• Provided records:
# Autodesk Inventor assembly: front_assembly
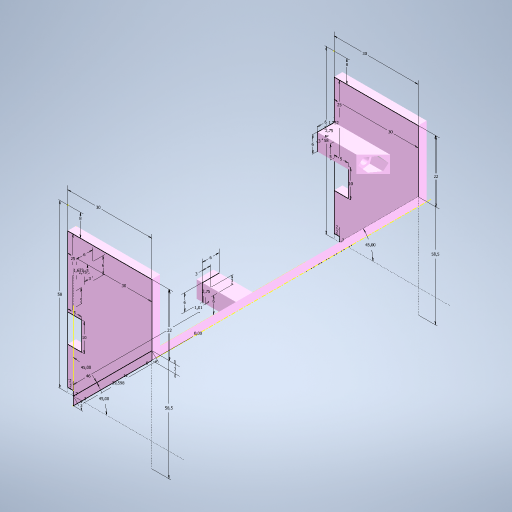
[picture p0: Inventor's stored thumbnail of the model, 512x512]
Saved by Autodesk Inventor 2023 (Build 270158000, 158)
## iProperties
Created: 2023-03-01
Part Number: front_assembly
Document SubType Name: Assembly
Designer: Eryk
Author: Eryk
## Documents named in this file (4)
- C:\Users\Eryk\Documents\PEM\front_assembly.iam
- C:\Users\Eryk\Documents\PEM\front.ipt
- C:\Users\Eryk\Documents\PEM\side_wall.ipt
- C:\Users\Eryk\Documents\PEM\side_wall_left.ipt
## Components (3 placed, 3 different names)
1. front:1 — Mate:4, Mate:5, Mate:6, Mate:7, Mate:8, Mate:9
2. side_wall:2 — Mate:4, Mate:5, Mate:6
3. side_wall_left:1 — Mate:7, Mate:8, Mate:9
## Relationships (6: Mate 6)
- Mate:4: front:1 ↔ side_wall:2
- Mate:5: front:1 ↔ side_wall:2
- Mate:6: front:1 ↔ side_wall:2
- Mate:7: front:1 ↔ side_wall_left:1
- Mate:8: front:1 ↔ side_wall_left:1
- Mate:9: front:1 ↔ side_wall_left:1

• Task statement: The lines to set down, exactly and with both ends included, run from the one containing "- C:\Users\Eryk\Documents\PEM\side_wall.ipt" to the last line of the data above.

• Solution to the exercise:
- C:\Users\Eryk\Documents\PEM\side_wall.ipt
- C:\Users\Eryk\Documents\PEM\side_wall_left.ipt
## Components (3 placed, 3 different names)
1. front:1 — Mate:4, Mate:5, Mate:6, Mate:7, Mate:8, Mate:9
2. side_wall:2 — Mate:4, Mate:5, Mate:6
3. side_wall_left:1 — Mate:7, Mate:8, Mate:9
## Relationships (6: Mate 6)
- Mate:4: front:1 ↔ side_wall:2
- Mate:5: front:1 ↔ side_wall:2
- Mate:6: front:1 ↔ side_wall:2
- Mate:7: front:1 ↔ side_wall_left:1
- Mate:8: front:1 ↔ side_wall_left:1
- Mate:9: front:1 ↔ side_wall_left:1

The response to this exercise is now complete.